Rape and domestic violence victims will be forced to give police access to their phones and social media accounts or face their cases being dropped.
New forms being handed out across England and Wales warn that if a complainant refuses to surrender their digital devices, or tries to prevent any personal information being shared, “it may not be possible for the investigation or prosecution to continue”.
Police were warned that the “traumatising” intrusion might stop victims reporting sexual assault and abuse.
But all forces started using the forms earlier this year, as part of a strategy to improve the way potential evidence is shared between officers, prosecutors and defence lawyers.
The “national disclosure improvement plan” was sparked by public outrage over a series of rape cases that collapsed over newly discovered messages and photos in 2017.
While acquitted suspects have warned of miscarriages of justice, campaigners say the demands are causing complainants to drop cases.
Figures released last week show that only 1.7 per cent of reported rapes were prosecuted in 2018, and 40 per cent of cases were closed with the marker “evidential difficulties – victim does not support action”.
The Victims Commissioner said victims of sexual violence were being re-traumatised by “routinely having their personal lives disproportionately investigated and disclosed in criminal trials”.
“Whilst this form sets out the position from a police perspective, from the victim’s perspective it is both complex and technical,” Baroness Newlove added.
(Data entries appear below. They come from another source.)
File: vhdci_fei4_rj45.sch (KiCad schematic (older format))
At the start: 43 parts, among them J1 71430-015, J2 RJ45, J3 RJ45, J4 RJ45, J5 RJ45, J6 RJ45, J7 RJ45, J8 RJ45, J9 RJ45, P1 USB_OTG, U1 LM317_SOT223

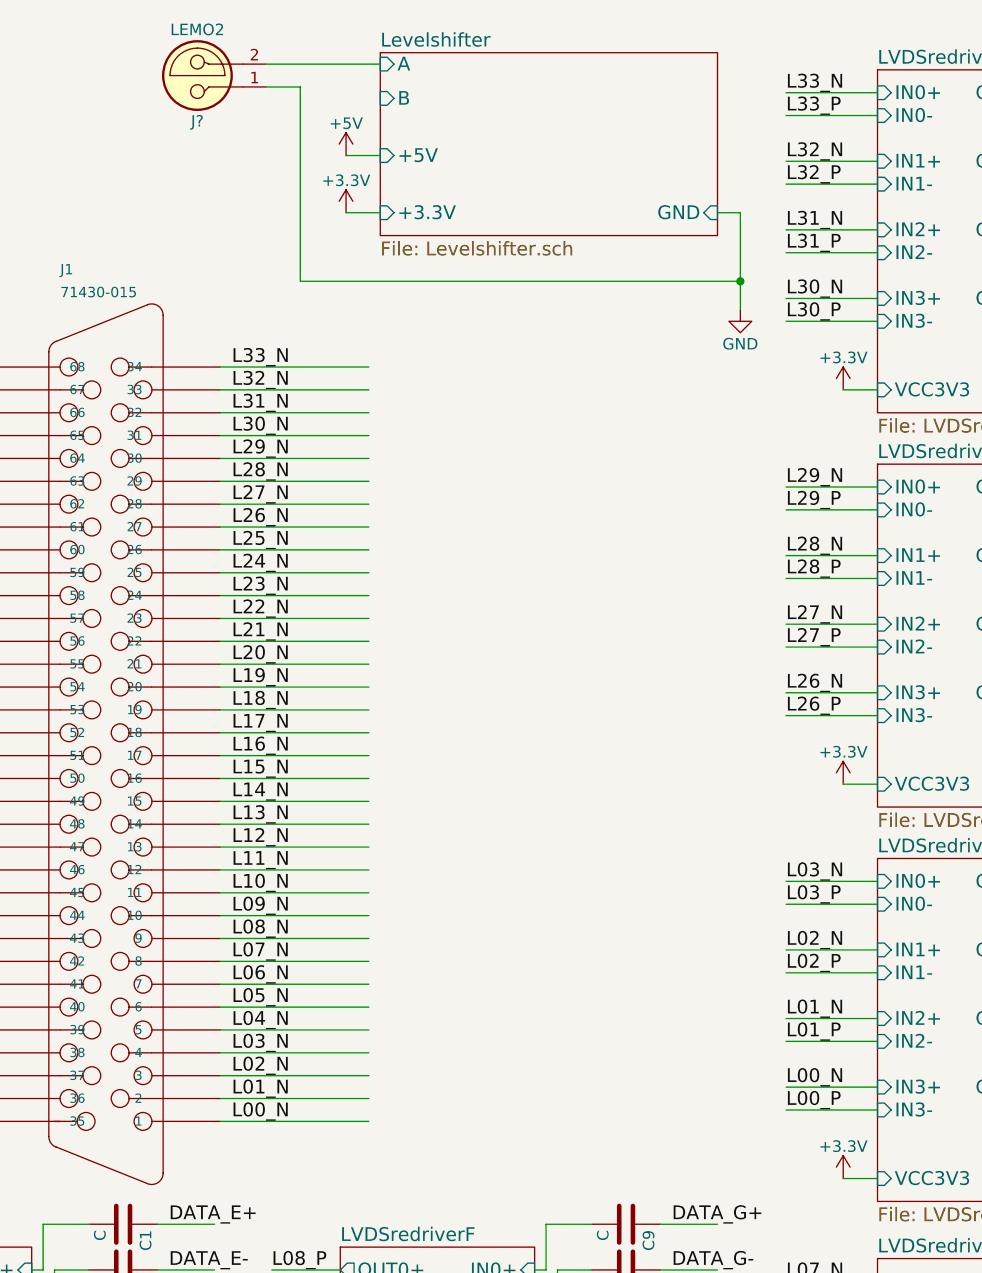
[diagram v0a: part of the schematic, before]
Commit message: Resize Levelshifter sheet. Create 3
Signed-off-by: katie dunne <kedunne@lbl.gov>
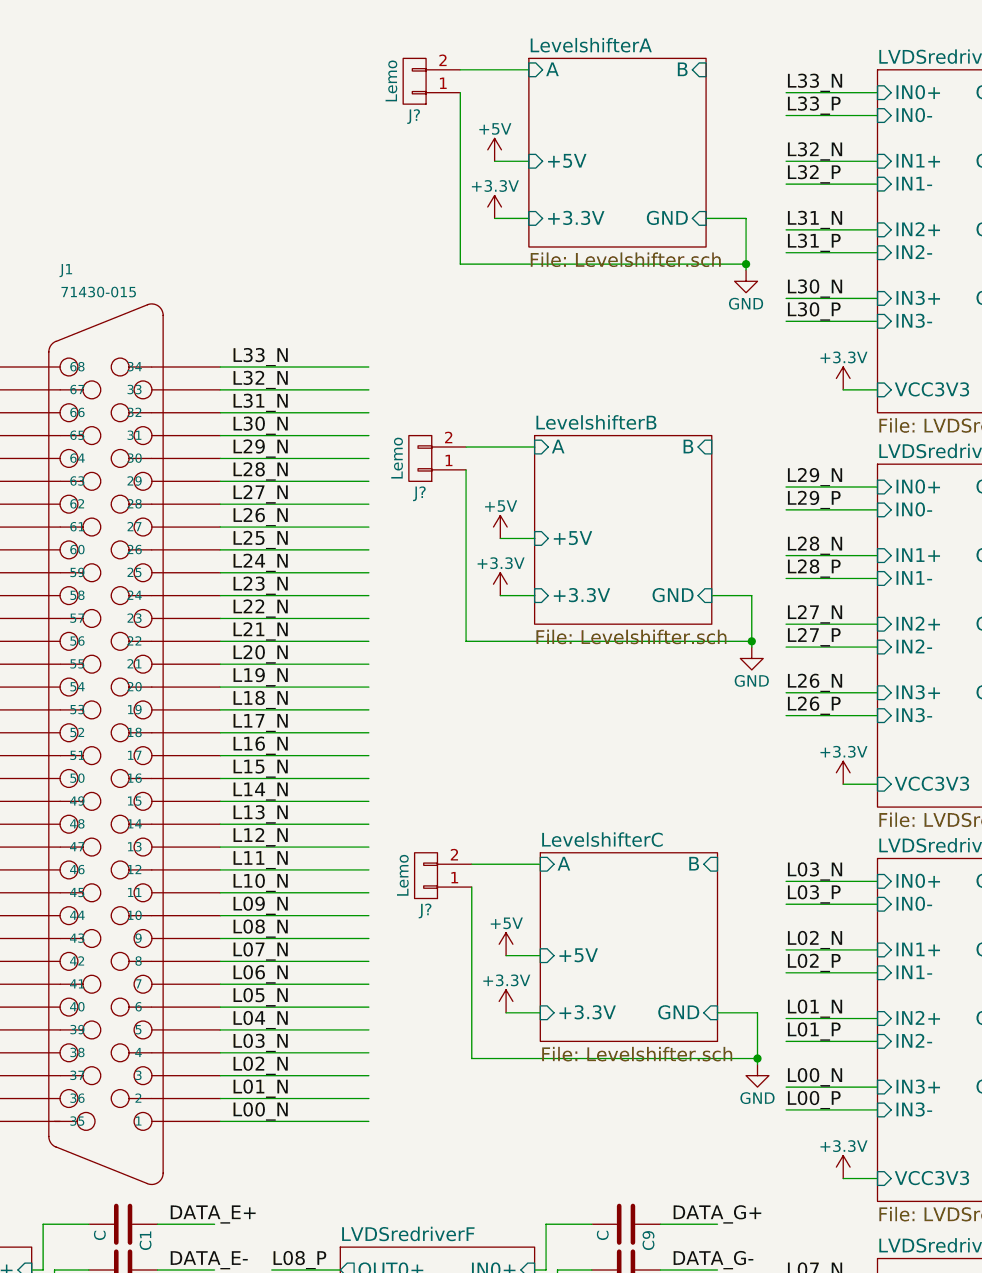
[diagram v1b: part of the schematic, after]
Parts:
- removed J?: LEMO2, symbol LEMO2
- added J? (x3): Lemo, symbol CONN_01X02
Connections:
- wire segments 305 -> 318
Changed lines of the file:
@@
 $Descr A4 11693 8268
 encoding utf-8
-Sheet 1 8
+Sheet 1 10
 Title "VHDCI FE-I4 RJ45 Adapter"
 Date "2017-05-05"
@@
 +5V
 $Sheet
-S 3275 775  1475 800
+S 3925 800  775  825
 U 59133F97
-F0 "Levelshifter" 60
+F0 "LevelshifterA" 60
 F1 "Levelshifter.sch" 60
-F2 "A" I L 3275 825 60
-F3 "+5V" I L 3275 1225 60
-F4 "+3.3V" I L 3275 1475 60
-F5 "B" I L 3275 975 60
-F6 "GND" I R 4750 1475 60
+F2 "A" I L 3925 850 60
+F3 "+5V" I L 3925 1250 60
+F4 "+3.3V" I L 3925 1500 60
+F5 "B" I R 4700 850 60
+F6 "GND" I R 4700 1500 60
 $EndSheet
 $Comp
 L +3.3V #PWR?
 U 1 1 5913F6A0
-P 3125 1475
-F 0 "#PWR?" H 3125 1325 50  0001 C CNN
-F 1 "+3.3V" H 3125 1615 50  0000 C CNN
-F 2 "" H 3125 1475 50  0000 C CNN
-F 3 "" H 3125 1475 50  0000 C CNN
-	1    3125 1475
-	1    0    0    -1
-$EndComp
-Wire Wire Line
-	3125 1475 3275 1475
+P 3775 1500
+F 0 "#PWR?" H 3775 1350 50  0001 C CNN
+F 1 "+3.3V" H 3775 1640 50  0000 C CNN
+F 2 "" H 3775 1500 50  0000 C CNN
+F 3 "" H 3775 1500 50  0000 C CNN
+	1    3775 1500
+	1    0    0    -1
+$EndComp
+Wire Wire Line
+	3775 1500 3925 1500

“Many victims will just not be in a position to fully understand the implications of signing over their personal data. It is a huge decision to take at any time, let alone when you are at your most vulnerable.”
She called for victims to be offered free access to independent legal advice and for judges, rather than detectives or prosecutors, to decide what must be disclosed in disputes.
“Changing the paperwork might improve the efficiency of the process, but it does not deliver fairness for victims,” Baroness Newlove said.
“This form is unlikely to do anything to help reverse the fall in prosecutions for rape and sexual violence. I am concerned it might have the opposite effect, with even fewer victims willing to pursue their cases through to trial.”
Max Hill, the director of public prosecutions, insisted that phones were not being seized “as a matter of course”.
He told journalists that the Crown Prosecution Service (CPS) does not instruct police to probe devices on “a purely speculative basis [but] only when reasonable and proportionate”.
Victims have already reported being verbally told that their attackers will not be caught if they do not hand over their phones, and police and prosecutors said the forms make the process clearer.
They give consent for police to download the contents of digital devices including phones, laptops, tablets and smartwatches, and to examine messages, call data, photographs, emails, internet browsing history, apps and social media accounts.
The victim may be investigated if evidence of a separate criminal offence is discovered, the form states.
“We recognise that only the reasonable lines of enquiry should be pursued to avoid unnecessary intrusion into the personal lives of individuals,” the document adds, inviting victims to specify what data or time period they think is relevant.
Police officers fill in what information they will look for before obtaining a signature.
Katie Russell, of Rape Crisis, said that although the forms offer more clarity, “the gathering and storage of disproportionate volumes of complainants’ data, and lack of consistency around how the relevance of evidence is determined – and by whom – remains a real concern”.
Digital devices can be demanded from people reporting any crime, but officials admitted that the move is more likely for sexual offences because they are often committed with no witnesses or other evidence.
Depending how data is extracted, phones may be given back within hours or kept until the end of criminal proceedings months or years later.
During court cases, victims’ communications and personal material may be passed to their attacker’s defence team – even if there are protections against it being used in open court.
Mr Hill said the scandal had highlighted “longstanding” problems.
“We’re not looking at individual cases, we are looking at a change in culture,” he told journalists. “There are no quick fixes, systemic issues are in play here … but there is a real determination to solve the problem.”
A 2017 report warned that defendants’ right to a fair trial was being put in jeopardy by disclosure failures.
Defence lawyers claimed they have been fighting to get vital material and suggested that police budget cuts and an explosion of digital evidence were to blame.
Some senior officers have accused the CPS of “raising the bar” for evidence, slowing down investigations and draining resources amid rising violent crime.
A CPS spokesperson said: “Balancing our duty to both respect privacy and ensure all reasonable lines of inquiry are pursued is an important challenge. We understand that how personal data is used can be a source of anxiety and have developed the new forms to provide clear and consistent information on this.
“Mobile telephones should not be examined as a matter of course and we have made that very clear in our guidance to police and to prosecutors.”
Metropolitan Police assistant commissioner Nick Ephgrave, the national lead for criminal justice, said 93,000 police officers and staff had been given new training and forces are now measuring performance on disclosure.
Mr Ephgrave admitted that he “wouldn’t relish” handing his own phone over to officers and added: “Being subject to a significant sexual offence is an awful thing to happen and we don’t wish to make it worse, but we want to pursue offenders.”